Exercise data -
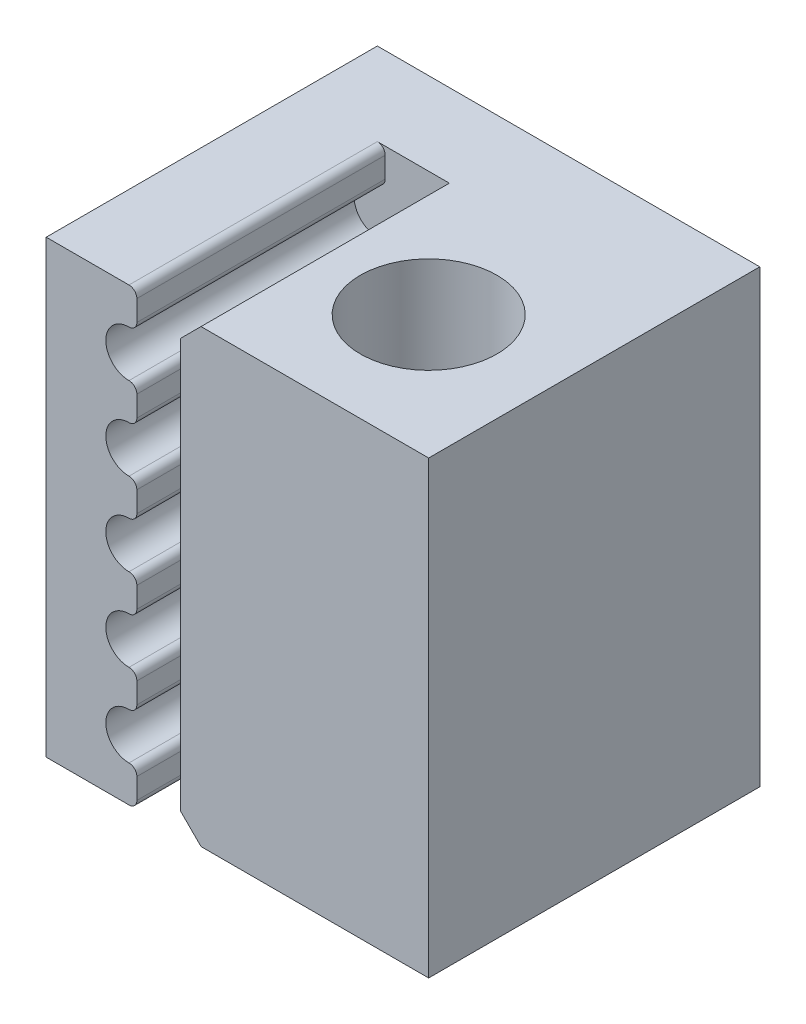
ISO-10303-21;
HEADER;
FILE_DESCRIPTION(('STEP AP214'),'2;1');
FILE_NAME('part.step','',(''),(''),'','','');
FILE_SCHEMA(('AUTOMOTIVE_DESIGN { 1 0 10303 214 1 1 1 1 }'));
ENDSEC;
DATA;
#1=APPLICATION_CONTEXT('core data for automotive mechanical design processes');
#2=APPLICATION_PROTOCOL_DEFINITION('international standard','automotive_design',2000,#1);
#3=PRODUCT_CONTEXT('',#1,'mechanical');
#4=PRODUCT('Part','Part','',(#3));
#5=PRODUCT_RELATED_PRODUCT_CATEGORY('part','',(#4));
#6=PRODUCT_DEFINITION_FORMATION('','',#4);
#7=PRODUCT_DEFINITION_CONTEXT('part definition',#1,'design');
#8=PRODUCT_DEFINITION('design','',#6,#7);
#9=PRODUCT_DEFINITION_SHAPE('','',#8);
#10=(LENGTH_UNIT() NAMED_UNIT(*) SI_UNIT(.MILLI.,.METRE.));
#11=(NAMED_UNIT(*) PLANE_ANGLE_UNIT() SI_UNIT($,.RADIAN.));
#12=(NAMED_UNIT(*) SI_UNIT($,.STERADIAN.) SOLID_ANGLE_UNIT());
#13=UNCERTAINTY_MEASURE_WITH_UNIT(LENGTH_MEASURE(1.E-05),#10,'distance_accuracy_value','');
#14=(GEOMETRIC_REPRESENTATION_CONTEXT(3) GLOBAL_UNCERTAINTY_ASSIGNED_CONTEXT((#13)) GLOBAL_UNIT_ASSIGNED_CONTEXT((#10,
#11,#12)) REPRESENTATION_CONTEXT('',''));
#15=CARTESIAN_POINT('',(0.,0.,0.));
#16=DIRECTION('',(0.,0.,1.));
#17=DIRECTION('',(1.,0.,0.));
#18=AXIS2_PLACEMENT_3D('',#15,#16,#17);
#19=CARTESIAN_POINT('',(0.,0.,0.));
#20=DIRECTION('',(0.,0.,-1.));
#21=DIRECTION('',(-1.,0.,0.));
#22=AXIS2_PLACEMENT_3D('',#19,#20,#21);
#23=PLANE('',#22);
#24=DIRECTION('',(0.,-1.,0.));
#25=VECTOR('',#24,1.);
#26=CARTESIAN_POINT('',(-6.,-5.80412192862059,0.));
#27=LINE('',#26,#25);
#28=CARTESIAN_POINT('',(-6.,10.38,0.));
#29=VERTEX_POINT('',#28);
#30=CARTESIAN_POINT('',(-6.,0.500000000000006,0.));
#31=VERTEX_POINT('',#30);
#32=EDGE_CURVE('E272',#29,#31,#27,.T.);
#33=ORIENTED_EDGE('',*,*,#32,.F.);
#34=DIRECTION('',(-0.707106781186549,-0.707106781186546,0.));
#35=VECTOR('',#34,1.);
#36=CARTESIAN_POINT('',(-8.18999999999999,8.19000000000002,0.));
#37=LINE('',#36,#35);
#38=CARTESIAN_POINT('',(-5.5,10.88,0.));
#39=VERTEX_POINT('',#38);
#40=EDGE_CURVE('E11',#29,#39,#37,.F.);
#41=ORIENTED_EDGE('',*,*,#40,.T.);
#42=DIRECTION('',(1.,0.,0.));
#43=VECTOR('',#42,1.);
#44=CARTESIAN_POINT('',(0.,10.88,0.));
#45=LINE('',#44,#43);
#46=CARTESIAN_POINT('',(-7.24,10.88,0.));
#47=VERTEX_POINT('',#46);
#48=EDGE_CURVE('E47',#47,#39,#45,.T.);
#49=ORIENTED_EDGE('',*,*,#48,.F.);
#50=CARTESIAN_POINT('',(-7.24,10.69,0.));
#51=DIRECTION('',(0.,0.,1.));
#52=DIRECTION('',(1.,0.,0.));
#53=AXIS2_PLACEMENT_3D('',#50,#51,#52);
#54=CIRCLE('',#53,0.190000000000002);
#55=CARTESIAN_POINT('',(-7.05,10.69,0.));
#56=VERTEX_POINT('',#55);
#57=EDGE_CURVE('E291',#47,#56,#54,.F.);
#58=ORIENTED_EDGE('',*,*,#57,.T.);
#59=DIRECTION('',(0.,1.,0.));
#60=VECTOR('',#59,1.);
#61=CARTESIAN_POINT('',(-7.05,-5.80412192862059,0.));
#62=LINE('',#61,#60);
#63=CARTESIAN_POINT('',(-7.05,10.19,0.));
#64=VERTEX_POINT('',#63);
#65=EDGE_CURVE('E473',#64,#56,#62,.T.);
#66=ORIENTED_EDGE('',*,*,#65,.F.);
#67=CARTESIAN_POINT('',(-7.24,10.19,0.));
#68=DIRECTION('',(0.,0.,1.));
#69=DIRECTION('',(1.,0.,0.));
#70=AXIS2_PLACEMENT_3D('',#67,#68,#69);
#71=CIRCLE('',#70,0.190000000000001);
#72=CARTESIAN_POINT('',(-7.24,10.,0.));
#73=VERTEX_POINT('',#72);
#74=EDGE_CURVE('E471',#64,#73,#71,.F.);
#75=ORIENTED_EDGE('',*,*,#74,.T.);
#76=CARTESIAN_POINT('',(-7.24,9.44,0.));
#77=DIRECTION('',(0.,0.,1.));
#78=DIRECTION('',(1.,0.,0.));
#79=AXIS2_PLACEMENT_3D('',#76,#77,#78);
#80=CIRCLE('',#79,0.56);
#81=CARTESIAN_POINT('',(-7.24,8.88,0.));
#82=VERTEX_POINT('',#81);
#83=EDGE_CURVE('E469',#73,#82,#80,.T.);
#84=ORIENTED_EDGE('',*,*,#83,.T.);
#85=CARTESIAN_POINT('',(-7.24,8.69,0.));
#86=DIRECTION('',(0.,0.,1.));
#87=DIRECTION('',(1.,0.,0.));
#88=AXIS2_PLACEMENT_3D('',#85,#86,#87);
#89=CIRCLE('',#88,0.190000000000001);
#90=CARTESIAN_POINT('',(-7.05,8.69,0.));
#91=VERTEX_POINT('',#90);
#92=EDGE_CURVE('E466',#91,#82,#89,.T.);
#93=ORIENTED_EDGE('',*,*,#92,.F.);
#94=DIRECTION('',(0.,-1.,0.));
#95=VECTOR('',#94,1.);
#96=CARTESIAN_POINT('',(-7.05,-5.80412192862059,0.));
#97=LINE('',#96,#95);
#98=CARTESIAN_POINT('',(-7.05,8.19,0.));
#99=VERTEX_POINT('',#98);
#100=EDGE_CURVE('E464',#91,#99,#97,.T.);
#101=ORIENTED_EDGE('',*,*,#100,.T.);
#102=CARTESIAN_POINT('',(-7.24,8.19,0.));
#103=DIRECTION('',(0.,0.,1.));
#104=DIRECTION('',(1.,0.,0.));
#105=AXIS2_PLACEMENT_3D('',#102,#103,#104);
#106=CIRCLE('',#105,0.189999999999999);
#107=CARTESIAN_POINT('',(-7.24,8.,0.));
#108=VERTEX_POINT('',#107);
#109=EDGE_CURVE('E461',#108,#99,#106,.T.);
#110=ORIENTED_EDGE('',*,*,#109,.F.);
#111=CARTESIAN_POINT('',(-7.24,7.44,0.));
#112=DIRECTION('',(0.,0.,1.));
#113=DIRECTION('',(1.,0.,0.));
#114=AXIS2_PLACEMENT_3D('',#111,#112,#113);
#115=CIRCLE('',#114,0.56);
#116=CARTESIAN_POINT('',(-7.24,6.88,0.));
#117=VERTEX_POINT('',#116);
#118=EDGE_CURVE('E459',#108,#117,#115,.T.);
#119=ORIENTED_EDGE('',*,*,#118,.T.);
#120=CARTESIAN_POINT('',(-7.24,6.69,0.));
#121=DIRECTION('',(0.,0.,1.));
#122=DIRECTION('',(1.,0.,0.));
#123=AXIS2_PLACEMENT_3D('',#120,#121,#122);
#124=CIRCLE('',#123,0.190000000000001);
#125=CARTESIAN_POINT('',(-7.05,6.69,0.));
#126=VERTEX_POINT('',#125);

Directions -
Looking at the entries above, can you reproduce exactly the lines from the one that holds "#48=EDGE_CURVE('E47',#47,#39,#45,.T.);" through the one that holds "#54=CIRCLE('',#53,0.190000000000002);", and only those?

Task result -
#48=EDGE_CURVE('E47',#47,#39,#45,.T.);
#49=ORIENTED_EDGE('',*,*,#48,.F.);
#50=CARTESIAN_POINT('',(-7.24,10.69,0.));
#51=DIRECTION('',(0.,0.,1.));
#52=DIRECTION('',(1.,0.,0.));
#53=AXIS2_PLACEMENT_3D('',#50,#51,#52);
#54=CIRCLE('',#53,0.190000000000002);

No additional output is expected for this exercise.